I’m working on a project called myproject and I have a package.json file in my main folder. I need to install all the dependencies into a particular node_modules folder but I’m having trouble getting it to work right.
Expected outcome
I have some dependencies like libraryX and libraryY. I want my folder structure to look like this:
Npm creates a duplicate of my entire project folder inside node_modules and puts all the packages in yet another nested node_modules folder.
I get why this happens when you’re installing a package for use in other projects. But my application runs standalone and I just want to install dependencies in a specific location. What’s the best way to handle this?
Had the same headache. run npm install --production --no-optional inside your myproject directory, then just copy the entire node_modules folder to where you need it. Not pretty, but it works every time without npm screwing up the package paths.
I hit the same issue when deploying to a server with limited disk space. This happens because npm treats your project as a package when you specify a path like that. Instead of npm install myproject/, cd to the parent folder and run npm install --prefix ./node_modules ./myproject. This installs dependencies from your project’s package.json directly into the target node_modules folder without the nested structure. Another option that worked for me: install normally in your project, then symlink from your desired location to the actual node_modules. Just heads up - some deployment tools don’t play nice with custom node_modules locations, so test it thoroughly before deploying.
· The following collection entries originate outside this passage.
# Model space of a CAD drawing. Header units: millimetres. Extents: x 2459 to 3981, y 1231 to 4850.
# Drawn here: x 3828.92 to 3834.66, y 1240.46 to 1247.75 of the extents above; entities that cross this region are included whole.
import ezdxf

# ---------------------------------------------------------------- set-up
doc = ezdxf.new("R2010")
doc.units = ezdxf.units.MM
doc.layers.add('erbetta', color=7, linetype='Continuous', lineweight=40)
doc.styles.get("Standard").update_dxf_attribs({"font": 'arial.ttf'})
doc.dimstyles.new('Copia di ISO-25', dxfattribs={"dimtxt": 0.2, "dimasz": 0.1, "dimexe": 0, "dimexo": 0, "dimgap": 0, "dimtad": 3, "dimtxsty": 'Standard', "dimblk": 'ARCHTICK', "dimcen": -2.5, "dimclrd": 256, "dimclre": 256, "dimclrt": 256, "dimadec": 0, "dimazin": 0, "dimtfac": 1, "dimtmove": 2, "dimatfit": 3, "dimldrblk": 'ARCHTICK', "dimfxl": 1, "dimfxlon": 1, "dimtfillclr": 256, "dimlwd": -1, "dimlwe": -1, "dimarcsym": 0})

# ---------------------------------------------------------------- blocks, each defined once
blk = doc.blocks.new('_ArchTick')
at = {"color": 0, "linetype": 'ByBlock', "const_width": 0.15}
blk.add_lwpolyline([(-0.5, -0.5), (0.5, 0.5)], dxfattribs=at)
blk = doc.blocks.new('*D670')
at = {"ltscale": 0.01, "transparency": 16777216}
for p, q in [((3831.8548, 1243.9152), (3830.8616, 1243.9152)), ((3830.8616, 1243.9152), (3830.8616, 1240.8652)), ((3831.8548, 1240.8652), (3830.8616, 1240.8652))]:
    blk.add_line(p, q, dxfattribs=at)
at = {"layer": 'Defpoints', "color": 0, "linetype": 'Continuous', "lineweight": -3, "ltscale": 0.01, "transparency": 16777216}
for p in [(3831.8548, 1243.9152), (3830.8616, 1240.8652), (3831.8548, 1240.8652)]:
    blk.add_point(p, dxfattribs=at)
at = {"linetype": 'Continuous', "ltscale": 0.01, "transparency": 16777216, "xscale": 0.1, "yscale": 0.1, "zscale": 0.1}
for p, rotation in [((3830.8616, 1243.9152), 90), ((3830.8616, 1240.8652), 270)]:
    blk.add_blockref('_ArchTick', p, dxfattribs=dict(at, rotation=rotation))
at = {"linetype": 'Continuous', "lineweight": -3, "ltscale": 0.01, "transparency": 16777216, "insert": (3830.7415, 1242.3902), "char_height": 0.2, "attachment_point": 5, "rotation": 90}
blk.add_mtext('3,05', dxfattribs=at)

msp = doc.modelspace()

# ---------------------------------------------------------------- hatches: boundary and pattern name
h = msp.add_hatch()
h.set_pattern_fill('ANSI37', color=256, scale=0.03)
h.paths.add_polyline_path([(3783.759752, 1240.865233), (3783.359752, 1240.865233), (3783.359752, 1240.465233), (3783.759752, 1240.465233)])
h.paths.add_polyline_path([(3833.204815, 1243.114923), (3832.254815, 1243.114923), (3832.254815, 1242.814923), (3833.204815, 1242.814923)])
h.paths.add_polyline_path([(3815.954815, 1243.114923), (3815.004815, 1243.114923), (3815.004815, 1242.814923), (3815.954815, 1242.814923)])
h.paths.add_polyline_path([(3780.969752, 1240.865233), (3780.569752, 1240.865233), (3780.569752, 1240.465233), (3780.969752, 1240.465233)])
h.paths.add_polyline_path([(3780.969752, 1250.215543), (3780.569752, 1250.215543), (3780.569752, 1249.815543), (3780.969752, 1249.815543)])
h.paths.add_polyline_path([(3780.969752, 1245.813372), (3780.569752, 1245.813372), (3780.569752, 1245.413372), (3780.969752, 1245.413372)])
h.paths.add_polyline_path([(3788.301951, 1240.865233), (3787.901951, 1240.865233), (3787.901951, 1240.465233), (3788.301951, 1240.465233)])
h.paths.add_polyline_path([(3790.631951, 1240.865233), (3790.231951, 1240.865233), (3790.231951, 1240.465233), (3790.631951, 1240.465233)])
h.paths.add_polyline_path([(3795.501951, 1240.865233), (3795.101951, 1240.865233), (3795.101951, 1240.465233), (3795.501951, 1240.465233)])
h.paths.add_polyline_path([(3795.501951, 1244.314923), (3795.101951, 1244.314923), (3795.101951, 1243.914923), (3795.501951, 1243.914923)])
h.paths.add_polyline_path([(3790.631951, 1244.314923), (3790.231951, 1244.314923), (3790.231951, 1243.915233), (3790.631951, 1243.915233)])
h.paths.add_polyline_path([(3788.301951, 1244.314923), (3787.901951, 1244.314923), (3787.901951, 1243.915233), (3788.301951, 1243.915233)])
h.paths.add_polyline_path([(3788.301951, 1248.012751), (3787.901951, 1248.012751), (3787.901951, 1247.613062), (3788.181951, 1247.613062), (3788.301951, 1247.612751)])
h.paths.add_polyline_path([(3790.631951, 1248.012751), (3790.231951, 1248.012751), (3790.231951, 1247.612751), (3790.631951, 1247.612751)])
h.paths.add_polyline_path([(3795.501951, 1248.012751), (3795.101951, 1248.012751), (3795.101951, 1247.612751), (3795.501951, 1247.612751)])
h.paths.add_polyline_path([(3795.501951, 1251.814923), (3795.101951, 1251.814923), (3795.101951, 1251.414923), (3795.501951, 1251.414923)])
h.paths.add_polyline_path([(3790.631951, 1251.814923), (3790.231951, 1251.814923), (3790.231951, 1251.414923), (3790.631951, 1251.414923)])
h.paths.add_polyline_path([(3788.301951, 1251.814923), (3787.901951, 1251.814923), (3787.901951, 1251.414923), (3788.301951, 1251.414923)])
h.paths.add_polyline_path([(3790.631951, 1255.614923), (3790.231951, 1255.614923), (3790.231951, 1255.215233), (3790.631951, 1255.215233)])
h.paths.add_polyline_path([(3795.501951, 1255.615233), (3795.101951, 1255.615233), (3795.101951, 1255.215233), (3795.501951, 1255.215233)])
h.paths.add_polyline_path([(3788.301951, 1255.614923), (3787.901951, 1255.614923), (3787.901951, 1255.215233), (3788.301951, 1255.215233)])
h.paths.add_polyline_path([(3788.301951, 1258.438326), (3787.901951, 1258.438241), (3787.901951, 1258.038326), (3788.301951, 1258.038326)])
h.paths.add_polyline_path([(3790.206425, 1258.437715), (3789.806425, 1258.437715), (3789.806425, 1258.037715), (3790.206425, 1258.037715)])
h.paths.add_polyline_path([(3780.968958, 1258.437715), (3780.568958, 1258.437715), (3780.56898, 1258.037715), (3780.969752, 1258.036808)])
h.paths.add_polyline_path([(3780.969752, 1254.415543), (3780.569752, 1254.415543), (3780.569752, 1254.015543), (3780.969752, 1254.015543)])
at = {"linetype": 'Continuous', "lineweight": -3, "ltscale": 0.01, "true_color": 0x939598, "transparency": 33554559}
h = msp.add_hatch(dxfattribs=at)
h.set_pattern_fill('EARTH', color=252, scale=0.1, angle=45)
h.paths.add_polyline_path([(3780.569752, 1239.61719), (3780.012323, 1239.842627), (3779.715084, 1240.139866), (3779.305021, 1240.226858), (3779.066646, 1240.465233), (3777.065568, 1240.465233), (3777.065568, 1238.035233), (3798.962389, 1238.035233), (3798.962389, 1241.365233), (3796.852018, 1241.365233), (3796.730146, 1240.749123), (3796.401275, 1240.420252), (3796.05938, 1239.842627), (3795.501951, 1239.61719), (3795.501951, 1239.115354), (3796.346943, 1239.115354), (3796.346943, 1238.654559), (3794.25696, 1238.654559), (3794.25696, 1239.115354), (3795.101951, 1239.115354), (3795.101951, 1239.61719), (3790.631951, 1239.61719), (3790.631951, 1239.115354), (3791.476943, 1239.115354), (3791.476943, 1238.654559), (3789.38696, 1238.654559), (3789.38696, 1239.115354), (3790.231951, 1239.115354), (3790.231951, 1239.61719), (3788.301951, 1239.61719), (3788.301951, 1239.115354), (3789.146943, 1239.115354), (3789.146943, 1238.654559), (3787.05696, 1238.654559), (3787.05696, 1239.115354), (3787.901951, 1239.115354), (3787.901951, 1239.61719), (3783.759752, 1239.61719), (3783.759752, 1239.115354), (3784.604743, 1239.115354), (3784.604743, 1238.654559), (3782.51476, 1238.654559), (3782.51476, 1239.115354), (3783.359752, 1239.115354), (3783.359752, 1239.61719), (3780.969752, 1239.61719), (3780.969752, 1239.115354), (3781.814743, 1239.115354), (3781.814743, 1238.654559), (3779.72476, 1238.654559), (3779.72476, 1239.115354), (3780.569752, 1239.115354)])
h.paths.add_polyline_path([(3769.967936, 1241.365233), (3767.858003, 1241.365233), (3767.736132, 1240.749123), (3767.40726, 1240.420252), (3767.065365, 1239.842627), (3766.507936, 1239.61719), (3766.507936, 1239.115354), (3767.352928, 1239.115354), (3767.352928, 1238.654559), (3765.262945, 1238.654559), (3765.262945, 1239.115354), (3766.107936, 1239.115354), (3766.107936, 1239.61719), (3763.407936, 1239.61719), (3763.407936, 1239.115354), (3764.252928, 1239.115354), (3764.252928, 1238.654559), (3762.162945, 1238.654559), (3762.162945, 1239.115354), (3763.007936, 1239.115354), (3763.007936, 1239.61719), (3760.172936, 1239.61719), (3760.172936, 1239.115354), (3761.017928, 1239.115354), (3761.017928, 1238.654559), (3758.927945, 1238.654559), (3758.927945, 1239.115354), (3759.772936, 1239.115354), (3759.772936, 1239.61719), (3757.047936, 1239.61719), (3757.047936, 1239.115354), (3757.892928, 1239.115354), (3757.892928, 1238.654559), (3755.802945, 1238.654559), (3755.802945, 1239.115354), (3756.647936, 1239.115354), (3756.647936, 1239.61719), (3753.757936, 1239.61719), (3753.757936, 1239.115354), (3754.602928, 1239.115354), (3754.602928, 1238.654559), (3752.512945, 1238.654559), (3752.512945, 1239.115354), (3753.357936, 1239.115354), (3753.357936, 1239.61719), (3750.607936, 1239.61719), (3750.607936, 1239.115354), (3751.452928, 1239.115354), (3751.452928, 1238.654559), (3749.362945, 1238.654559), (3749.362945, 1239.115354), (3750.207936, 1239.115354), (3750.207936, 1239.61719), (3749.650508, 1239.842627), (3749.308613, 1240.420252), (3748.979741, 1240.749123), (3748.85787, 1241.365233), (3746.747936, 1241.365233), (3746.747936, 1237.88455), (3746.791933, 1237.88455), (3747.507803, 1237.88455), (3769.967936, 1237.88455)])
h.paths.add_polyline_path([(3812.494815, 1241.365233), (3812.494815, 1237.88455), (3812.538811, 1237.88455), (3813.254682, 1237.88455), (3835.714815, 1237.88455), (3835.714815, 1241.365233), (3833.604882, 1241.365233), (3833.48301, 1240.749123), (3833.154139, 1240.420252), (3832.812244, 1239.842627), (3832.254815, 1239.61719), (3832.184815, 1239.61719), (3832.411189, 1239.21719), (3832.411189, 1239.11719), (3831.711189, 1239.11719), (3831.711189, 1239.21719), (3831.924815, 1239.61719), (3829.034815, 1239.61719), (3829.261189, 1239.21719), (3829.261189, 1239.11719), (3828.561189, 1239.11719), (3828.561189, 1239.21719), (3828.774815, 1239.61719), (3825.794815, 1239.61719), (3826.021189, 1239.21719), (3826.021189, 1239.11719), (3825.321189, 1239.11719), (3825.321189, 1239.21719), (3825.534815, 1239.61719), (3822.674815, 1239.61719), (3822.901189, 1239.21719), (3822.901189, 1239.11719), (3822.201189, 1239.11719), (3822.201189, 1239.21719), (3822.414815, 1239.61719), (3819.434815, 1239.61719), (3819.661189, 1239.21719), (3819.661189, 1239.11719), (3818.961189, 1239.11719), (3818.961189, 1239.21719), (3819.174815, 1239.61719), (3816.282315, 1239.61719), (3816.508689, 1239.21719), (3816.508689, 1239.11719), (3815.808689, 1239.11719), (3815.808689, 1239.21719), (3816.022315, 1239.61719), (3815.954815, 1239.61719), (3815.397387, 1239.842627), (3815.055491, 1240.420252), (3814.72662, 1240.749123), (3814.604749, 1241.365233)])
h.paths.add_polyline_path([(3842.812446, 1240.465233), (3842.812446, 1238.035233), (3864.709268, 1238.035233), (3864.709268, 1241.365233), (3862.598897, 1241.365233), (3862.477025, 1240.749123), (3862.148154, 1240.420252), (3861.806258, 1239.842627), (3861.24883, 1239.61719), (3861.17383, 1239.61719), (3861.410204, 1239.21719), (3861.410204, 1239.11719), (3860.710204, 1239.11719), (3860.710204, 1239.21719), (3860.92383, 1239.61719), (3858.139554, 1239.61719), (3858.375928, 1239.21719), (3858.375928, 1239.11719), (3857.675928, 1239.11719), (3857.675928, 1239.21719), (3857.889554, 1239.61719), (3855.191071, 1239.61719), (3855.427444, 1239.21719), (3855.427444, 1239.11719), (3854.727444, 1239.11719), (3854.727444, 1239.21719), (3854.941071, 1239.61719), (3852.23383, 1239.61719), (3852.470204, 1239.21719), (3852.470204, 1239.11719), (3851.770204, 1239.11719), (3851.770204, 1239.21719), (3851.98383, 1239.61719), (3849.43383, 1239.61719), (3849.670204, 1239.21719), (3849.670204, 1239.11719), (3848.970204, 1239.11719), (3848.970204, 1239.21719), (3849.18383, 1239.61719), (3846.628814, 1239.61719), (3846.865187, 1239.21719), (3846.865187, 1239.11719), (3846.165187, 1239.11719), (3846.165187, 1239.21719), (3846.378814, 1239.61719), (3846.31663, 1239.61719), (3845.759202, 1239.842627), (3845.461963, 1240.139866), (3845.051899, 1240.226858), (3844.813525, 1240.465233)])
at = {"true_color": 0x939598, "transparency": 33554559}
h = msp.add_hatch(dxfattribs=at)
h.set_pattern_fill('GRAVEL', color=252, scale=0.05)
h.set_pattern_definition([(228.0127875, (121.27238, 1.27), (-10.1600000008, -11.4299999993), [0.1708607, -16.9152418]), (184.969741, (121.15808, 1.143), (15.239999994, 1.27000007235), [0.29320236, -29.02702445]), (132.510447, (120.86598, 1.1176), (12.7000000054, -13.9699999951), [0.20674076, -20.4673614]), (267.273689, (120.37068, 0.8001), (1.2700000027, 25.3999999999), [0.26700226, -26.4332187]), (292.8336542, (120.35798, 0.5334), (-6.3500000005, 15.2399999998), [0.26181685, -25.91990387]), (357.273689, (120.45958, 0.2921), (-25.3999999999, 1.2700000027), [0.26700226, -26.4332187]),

You’re overcomplicating this. The problem is you’re treating your own project like a package instead of just installing its dependencies. Go to your myproject directory and run npm install --prefix ../node_modules or use --modules-folder to set a custom location. But honestly, I’ve found it’s more reliable to just modify your project config to point to the custom node_modules spot. Set the NODE_PATH environment variable or create a .npmrc file with prefix=../node_modules. Then Node.js will check your custom location without creating that messy nested structure. Bottom line: run npm install from inside your project directory, not from outside targeting it.